==== RECORDS TO PROCESS

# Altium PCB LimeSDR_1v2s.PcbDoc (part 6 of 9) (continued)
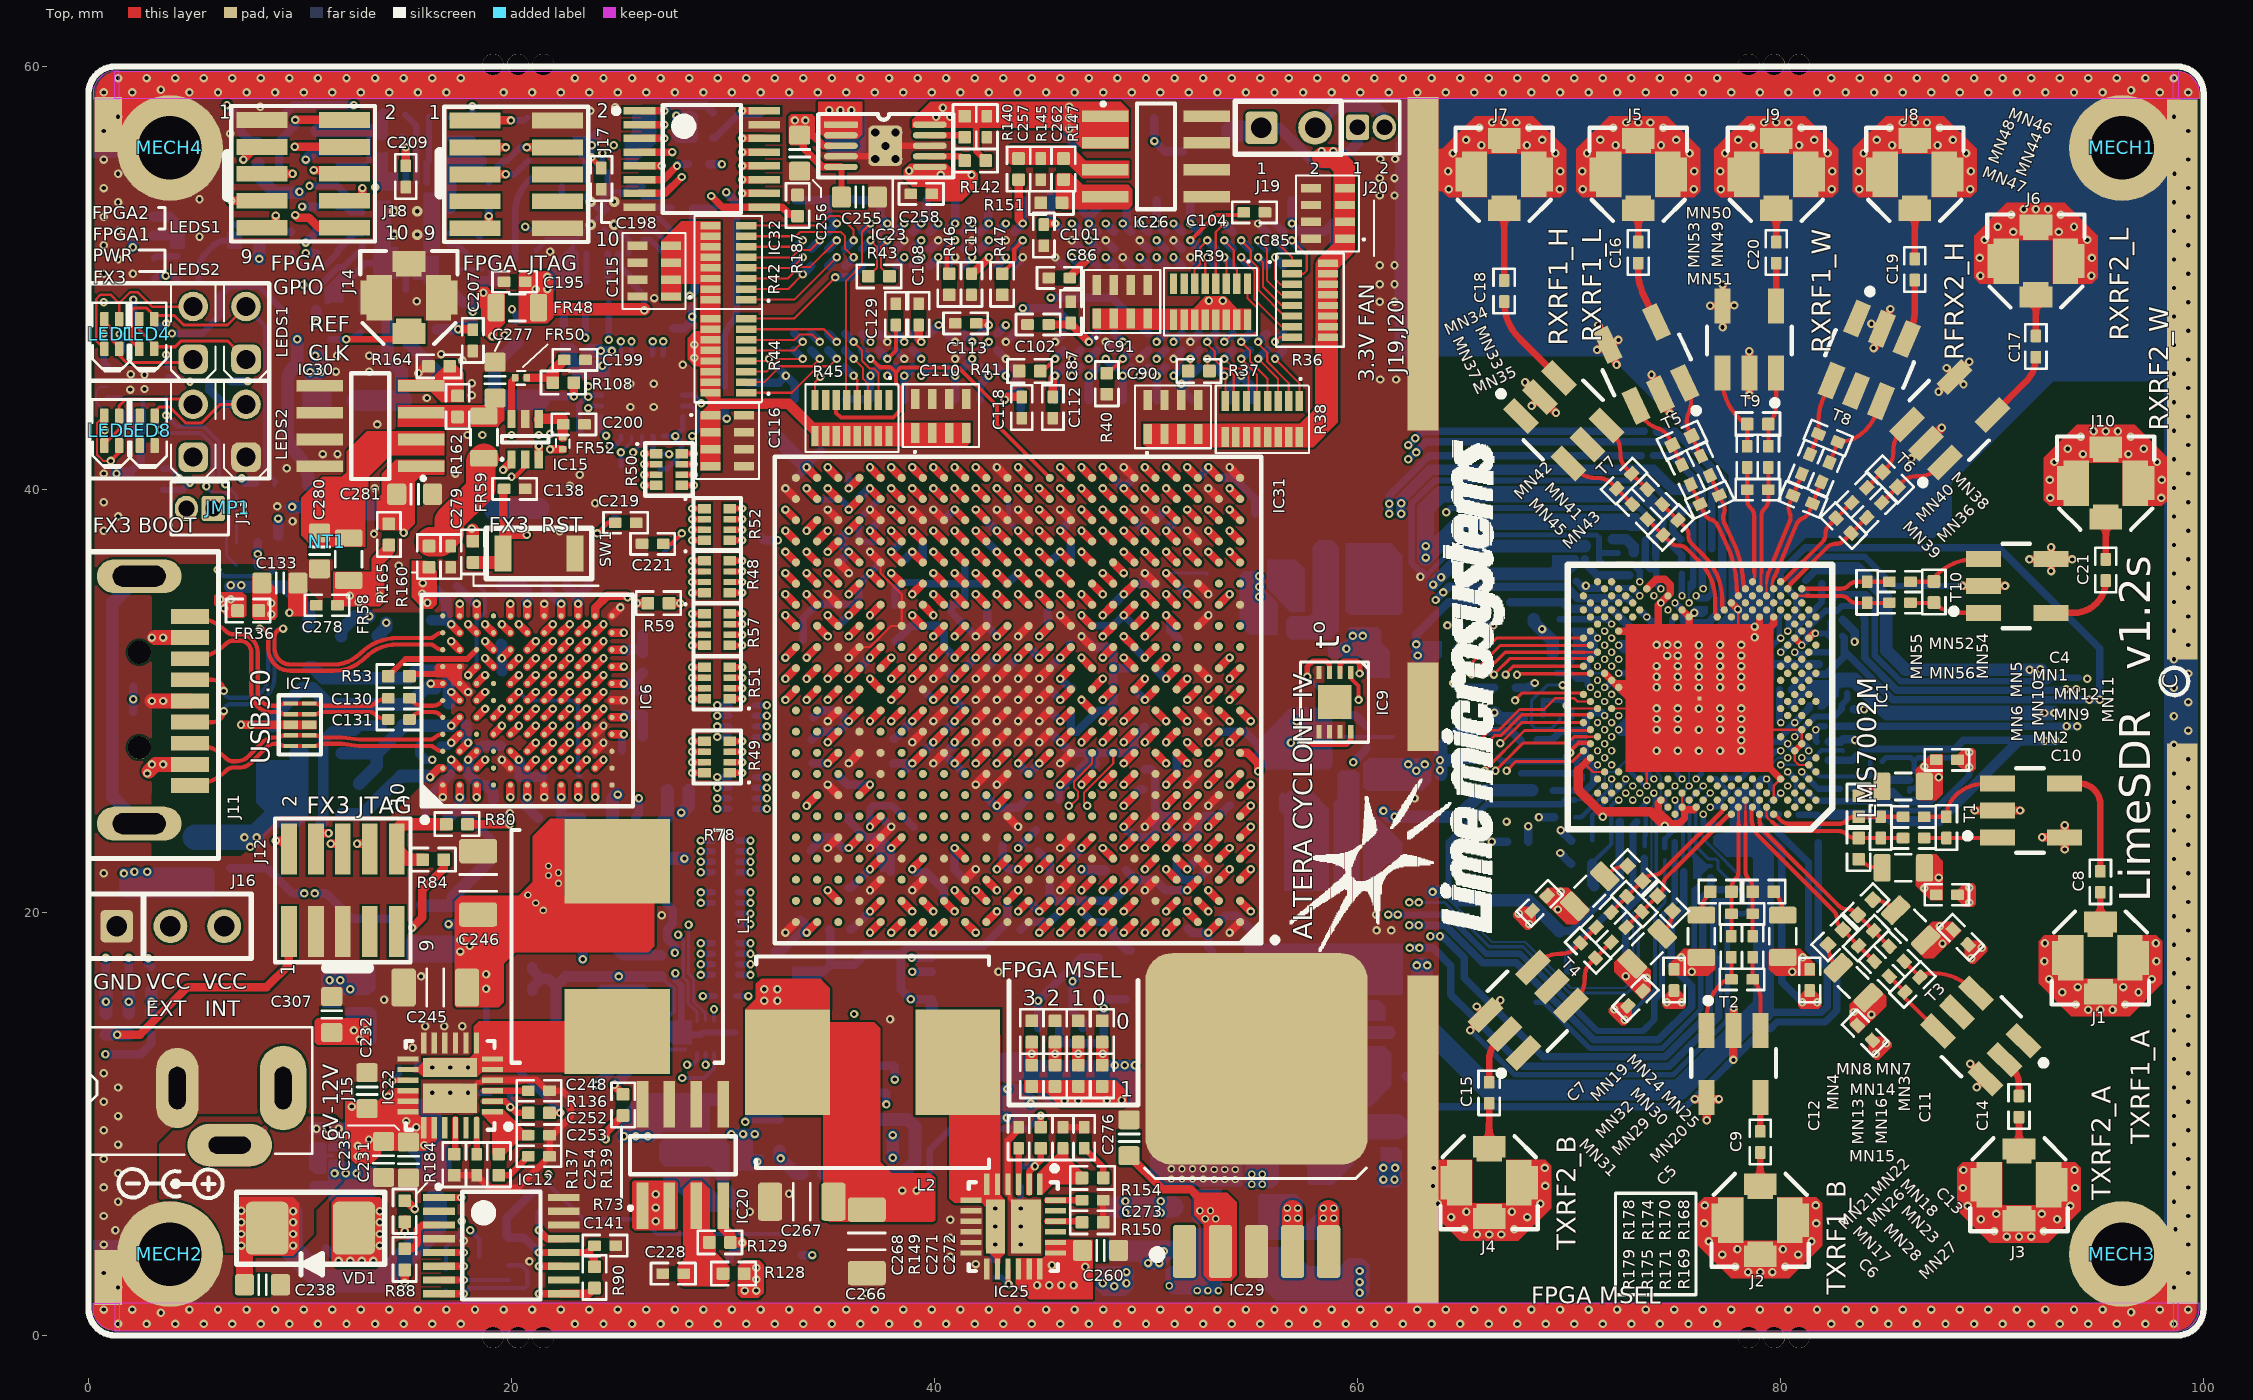
[diagram p0: Top view]
## Nets (pads, with @x,y where several pads share a name; then routed paths per layer and width w, separated by ;. In a path a pad name is that pad's centre, name@x,y a point inside that pad or via, vN(x,y) a via of type N, cw(c..) or ccw(c..) an arc to the next point about the centre after c; other vN are vias at no path point) (continued)
  other v4: 80.339,33.306
NetC72_1: C72.1 FR30.2 IC1.P4 | length 1.7
  Bottom w0.35: C72.1@80.206,28.526 80.221,28.526 v4(80.672,28.977) 81.369,29.674 FR30.2@81.369,29.781
NetC73_1: C73.1 FR29.1 IC1.AP26 | length 1.7
  Bottom w0.3: C73.1@72.276,36.439 FR29.1@73.051,36.439 73.346,36.144 v4(73.346,35.637)
NetC74_1: C74.1 FR29.2 R34.2 | length 1.4
  Bottom w0.5: C74.1@72.076,37.644 R34.2@72.701,37.644 73.051,37.294 FR29.2@73.051,37.044
NetC75_1: C75.1 FR31.1 IC1.AM26 | length 1.4
  Bottom w0.3: C75.1@72.051,35.339 FR31.1@72.826,35.339 72.979,35.339 v4(73.346,34.971)
NetC76_1: C76.1 FR31.2 R35.2 | length 2.5
  Bottom w0.4: R35.2@70.751,36.714 70.751,36.519 71.321,35.949 FR31.2@72.851,35.949
NetC77_1: C77.1 FR32.1 IC1.AK22 | length 13.9
  L4 w0.35: v1(65.8,36) 71.425,36 73.003,34.422 73.865,34.422 74.099,34.188 74.561,34.188 v4(74.678,34.305)
  Bottom w0.6: v1(65.8,36) 69.25,36 69.775,36.525
NetC78_1: C78.1 FR33.1 IC1.AF6 | length 1.9
  Bottom w0.25: C78.1@79.531,32.544 79.576,32.544 v4(80.006,32.973) 79.939,33.04 79.939,33.982 FR33.1@80.051,34.094 ; FR33.1@80.001,34.064 FR33.1@80.006,34.059
NetC79_1: C79.1 FR34.1 IC1.AD4 | length 1.8
  Bottom w0.3: v4(80.672,32.307) 80.737,32.307 80.829,32.215 81.181,32.215 81.273,32.307 82.342,32.307 FR34.1@82.351,32.299
NetC80_1: C80.1 FR35.1 IC1.AF2 | length 1.8
  Top w0.35: IC1.AF2@81.338,32.973 81.558,33.194 v4(81.651,33.194)
  Bottom w0.3: v4(81.651,33.194) 82.18,33.194 82.305,33.069 82.371,33.069 C80.1@82.371,33.719
NetC134_1: C134.1 FR37.2 J11.10 | length 12.8
  Bottom w0.6: J11.10@2.4,24.2 1.123,25.478 1.123,29.374 1.123,34.623 J11.10@2.4,35.9
NetC158_2: C158.2 C159.1 FR42.1 IC6.A2 | length 5.7
  Top w0.4: v2(16.15,26.4) 16.575,26.825 IC6.A2@16.75,26.825
  Bottom w0.6: FR42.1@11.95,24.65 12.975,24.65 C158.2@14.2,25.875 14.775,26.45 C159.1@15.325,26.45 v2@16.1,26.45
NetC160_1: C160.1 C161.2 FR43.1 IC6.B5 | length 7.9
  Top w0.4: v2(17.15,28.825) IC6.B5@17.55,29.225
  Bottom w0.6: FR43.1@11.975,27.525 13.636,27.525 ; C161.2@12.8,26.1 13.636,26.936 13.636,27.525 ; C160.1@14.875,28.85 14.875,28.764 13.636,27.525 ; C160.1@15.075,28.825 v2(17.15,28.825)
NetC162_1: C162.1 C163.2 FR44.1 IC6.A7 | length 9
  Top w0.4: v2(16.184,30.825) IC6.A7@16.75,30.825
  Bottom w0.6: FR44.1@8.675,28.8 8.675,29.175 C163.2@10.1,30.6 10.6,30.6 11.365,29.835 C162.1@12.81,29.835 15.146,29.835 15.611,30.3
NetC181_1: C181.1 C182.2 R98.2 | length 2.2
  Bottom w0.309: R98.2@28.55,52.263 C182.2@28.55,53.313 C181.1@29.65,53.313
NetC181_2: C181.2 R96.1 R103.1 R104.1 R105.2 R106.1 R107.1 | length 49.2
  L4 w0.1: v1(3.65,50.1) 6.973,50.1 cw(c6.973,47.56) 8.769,49.356 cw(c7.849,48.436) 9.15,48.436 ccw(c10.625,48.436) 9.582,47.393 v1(9.875,47.1)
  L8 w0.1: v1(9.875,47.1) ccw(c10.72,47.945) 10.72,46.75 19.908,46.75 ccw(c19.908,48.542) 21.175,47.275 cw(c22.141,46.309) 22.141,47.675 23,47.675 ccw(c23,49.546) 24.323,48.223 v1(30.15,54.05)
  Bottom w0.309: R103.1@3.1,49.925 3.275,50.1 v1(3.65,50.1) 4.025,50.1 R104.1@4.2,49.925 ; R107.1@30.075,44.85 30.075,47.136 cw(c31.014,47.136) 30.35,47.8 ccw(c29.626,48.524) 30.65,48.524 C181.2@30.65,53.313
  Bottom w0.4: v1(30.15,54.05) 30.15,54.043 30.65,53.543 C181.2@30.65,53.313
  Bottom w0.6: v1(9.875,47.1) 9.875,46.222 cw(c9.278,46.222) 9.7,45.8 ccw(c10.386,45.114) 9.416,45.114 9.416,42.612 ccw(c10.568,42.612) 9.753,41.797 cw(c8.131,40.175) R96.1@10.425,40.175
NetC182_1: C182.1 IC13.21 | length 1.3
  Bottom w0.309: IC13.21@26.225,53.313 C182.1@27.55,53.313
NetC183_2: C183.2 IC13.20 | length 1.5
  Bottom w0.25: IC13.20@26.225,53.813 26.95,53.813 C183.2@27.5,54.363
NetC186_2: C186.2 C187.2 FR47.1 R95.2 XT2.5 XT3.4 XT4.4 | length 6.1
  Bottom w0.6: C186.2@14.15,47.95 R95.2@14.15,46.9 14.15,46.225 14.8,45.575 XT2.5@14.8,44.225
  Bottom w1: XT3.4@12.7,44.2 14.775,44.2 XT2.5@14.8,44.225
NetC188_2: C188.2 IC14.6 IC14.7 IC14.8 R100.2 | length 2.9
  Bottom w0.5: R100.2@3.1,52.025 IC14.7@4.2,52.025 IC14.8@4.2,52.525 3.825,52.9 C188.2@3.1,52.9
NetC199_2: C199.2 FR50.2 R108.2 | length 2.6
  Top w0.4: FR50.2@20.73,45.275 21.75,45.275 21.95,45.475 22,45.525
  Top w0.5: 22,45.525 22,45.625 C199.2@22.5,46.125
  Top w0.6: R108.2@21.95,45.05 21.95,45.475
NetC200_1: C200.1 FR52.2 IC15.4 | length 2
  Top w0.5: IC15.4@21.3,43.325 21.325,43.35 22.425,43.35 FR52.2@22.425,42.5
NetC201_1: C201.1 IC16.5 | length 1.4
  Bottom w0.3: IC16.5@17.05,51.6 17.425,51.6 C201.1@18.125,50.9
NetC201_2: C201.2 C202.1 R109.2 | length 2.1
  Bottom w0.5: C201.2@18.125,49.9 18.175,49.85 R109.2@19.175,49.85 19.175,49.9 C202.1@19.175,50.9
NetC204_2: C204.2 C205.1 C206.1 FR51.2 IC16.6 IC16.7 | length 20
  L4 w0.4: v1(10.275,55.6) 14.475,55.6 17.55,52.525 17.55,49.025 v1(18.175,48.4)
  Bottom w0.3: IC16.7@15.5,50.7 IC16.6@16,50.7 16,49.825 16.25,49.575 FR51.2@16.475,49.575
  Bottom w0.4: C206.1@10.8,55.975 C205.1@12.8,55.975
  Bottom w0.5: v1(10.275,55.6) 10.65,55.975 10.75,55.975 C206.1@10.8,55.975 ; FR51.2@16.475,49.575 16.975,49.575 17.7,48.85 C204.2@18.175,48.85 v1@18.175,48.45
NetC209_2: C209.2 C210.1 IC16.18 R110.1 | length 3.1
  Top w0.4: C209.2@15,55.3 v1(15,56.175)
  Bottom w0.3: C210.1@14.825,56.675 15,56.5 IC16.18@15,54.5
NetC211_1: C211.1 C212.2 R114.2 | length 2
  Bottom w0.3: C212.2@12.925,48.475 R114.2@12.925,49.425 C211.1@13.975,49.425
NetC211_2: C211.2 IC16.8 | length 1.2
  Bottom w0.3: C211.2@15,49.45 IC16.8@15,50.7
NetC213_2: C213.2 R112.2 R113.1 | length 12.5
  L4 w0.1: v1@18.15,58.15 18.15,53.227 ccw(c20.69,53.227) 18.894,51.431 19.281,51.044 cw(c17.485,49.248) 20.025,49.248 v1(20.025,48.525)
  Bottom w0.309: R112.2@17.125,57.575 C213.2@18.175,57.575 ; v1@18.15,58.15 18.15,57.696 ccw(c18.321,57.696) C213.2@18.2,57.575 ; v1(20.025,48.525) cw(c19.456,47.956) 20.26,47.956 R113.1@20.26,47.943
  other v1: 18.15,58.125
NetC214_1: C214.1 R118.2 | length 1.1
  Bottom w0.3: C214.1@17.1,56.575 18.15,56.575 R118.2@18.2,56.525
NetC214_2: C214.2 C215.2 IC16.20 R112.1 | length 3.2
  Bottom w0.3: IC16.20@16,54.5 16,55.475 C215.2@16.1,55.575 C214.2@16.1,56.575 R112.1@16.1,57.625
NetC216_1: C216.1 IC16.4 | length 1.5
  Bottom w0.3: IC16.4@17.05,52.1 18.35,52.1 C216.1@18.5,51.95
NetC220_2: C220.2 IC16.12 R119.2 | length 4.5
  Bottom w0.3: C220.2@9.625,51.175 9.625,51 10.15,50.475 11.075,50.475 R119.2@11.775,51.175 11.775,51.3 12.575,52.1 IC16.12@12.95,52.1
NetC228_2: C228.2 IC20.3 R128.2 R129.1 | length 0.9
  Top w0.5: IC20.3@28.735,5.185 IC20.3@28.735,6.125
NetC237_1: C237.1 J15.1 J16.2 VD1.A | length 5
  Bottom w0.4: C237.1@11.225,4.125 v1(11.825,3.525) v1(13.475,3.525) 13.775,3.825 v1(13.775,5.875)
  other v1: 12.375,3.525 12.925,3.525 13.775,4.25 13.775,4.8 13.775,5.35
NetC240_1: C240.1 IC22.15 | length 1.4
  Top w0.25: v1@14.425,12.075 IC22.15@15.1,12.075
  Bottom w0.25: v1(14.375,12.05) 14.7,12.375 C240.1@14.7,12.675
NetC240_2: C240.2 IC22.5 IC22.6 IC22.7 IC22.14 IC22.26 L1.1
  other v6: 16.25,12.675 17.1,12.675 17.95,12.675
NetC243_2: C243.2 FR54.2 IC21.1 IC21.2
NetC244_2: C244.2 IC21.3 R132.2 R134.1 | length 4.7
  Bottom w1.2: IC21.3@57.1,9.865 R132.2@61.84,9.865
NetC248_1: C248.1 IC22.3 | length 2.1
  Top w0.309: IC22.3@18.7,11.575 C248.1@20.8,11.575
NetC250_2: C250.2 FR55.2 IC24.1 IC24.2
NetC251_2: C251.2 IC24.3 R141.2 R143.1
NetC252_1: C252.1 IC22.1 R139.2
NetC253_1: C253.1 R139.1 | length 1.8
  Top w0.309: R139.1@19.4,7.575 19.9,7.575 C253.1@20.8,8.475
NetC254_1: C254.1 IC22.24 | length 1.7
  Top w0.309: C254.1@18.35,8.575 IC22.24@18.35,10.225
NetC259_1: C259.1 IC25.15 | length 1.5
  Top w0.25: IC25.15@43.475,3.15 43.475,2.45 v1(43.5,2.425)
  Bottom w0.25: C259.1@42.875,2.75 43.175,2.75 v1(43.5,2.425)
NetC259_2: C259.2 IC25.5 IC25.6 IC25.7 IC25.14 IC25.26 L2.1
  other v6: 42.875,4.3 42.875,5.15 42.875,6
NetC262_2: C262.2 IC26.3 R145.2 R147.1
NetC264_2: C264.2 FR56.2 IC27.1 IC27.2
NetC265_2: C265.2 IC27.3 R146.2 R148.1
NetC268_1: C268.1 IC25.3 | length 2.1
  Top w0.309: IC25.3@43.975,6.75 C268.1@43.975,8.85
NetC270_2: C270.2 IC28.3 R155.2 R156.1 | length 1.7
  Bottom w0.6: 30,7.625 30,7.05 30.55,6.5 R156.1@30.55,6.2
NetC271_1: C271.1 IC25.1 R154.2
NetC272_1: C272.1 R154.1 | length 1.8
  Top w0.309: C272.1@47.075,8.85 47.975,7.95 R154.1@47.975,7.45
NetC273_1: C273.1 IC25.24 | length 1.7
  Top w0.309: IC25.24@45.325,6.4 C273.1@46.975,6.4
NetC275_2: C275.2 IC29.4 R157.2 R158.1 | length 1.9
  Top w1: IC29.4@56.93,3.975 56.93,5.905
  other v5: 56.675,5.55 57.175,5.55 56.675,6.025 57.175,6.025
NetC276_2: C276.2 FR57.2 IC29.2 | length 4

========

Take the stretch of lines above from the one containing "Bottom w0.6: FR43.1@11.975,27.525" through the one containing "L8 w0.1: v1(9.875,47.1)" and repeat it exactly, adding no other line.

  Bottom w0.6: FR43.1@11.975,27.525 13.636,27.525 ; C161.2@12.8,26.1 13.636,26.936 13.636,27.525 ; C160.1@14.875,28.85 14.875,28.764 13.636,27.525 ; C160.1@15.075,28.825 v2(17.15,28.825)
NetC162_1: C162.1 C163.2 FR44.1 IC6.A7 | length 9
  Top w0.4: v2(16.184,30.825) IC6.A7@16.75,30.825
  Bottom w0.6: FR44.1@8.675,28.8 8.675,29.175 C163.2@10.1,30.6 10.6,30.6 11.365,29.835 C162.1@12.81,29.835 15.146,29.835 15.611,30.3
NetC181_1: C181.1 C182.2 R98.2 | length 2.2
  Bottom w0.309: R98.2@28.55,52.263 C182.2@28.55,53.313 C181.1@29.65,53.313
NetC181_2: C181.2 R96.1 R103.1 R104.1 R105.2 R106.1 R107.1 | length 49.2
  L4 w0.1: v1(3.65,50.1) 6.973,50.1 cw(c6.973,47.56) 8.769,49.356 cw(c7.849,48.436) 9.15,48.436 ccw(c10.625,48.436) 9.582,47.393 v1(9.875,47.1)
  L8 w0.1: v1(9.875,47.1) ccw(c10.72,47.945) 10.72,46.75 19.908,46.75 ccw(c19.908,48.542) 21.175,47.275 cw(c22.141,46.309) 22.141,47.675 23,47.675 ccw(c23,49.546) 24.323,48.223 v1(30.15,54.05)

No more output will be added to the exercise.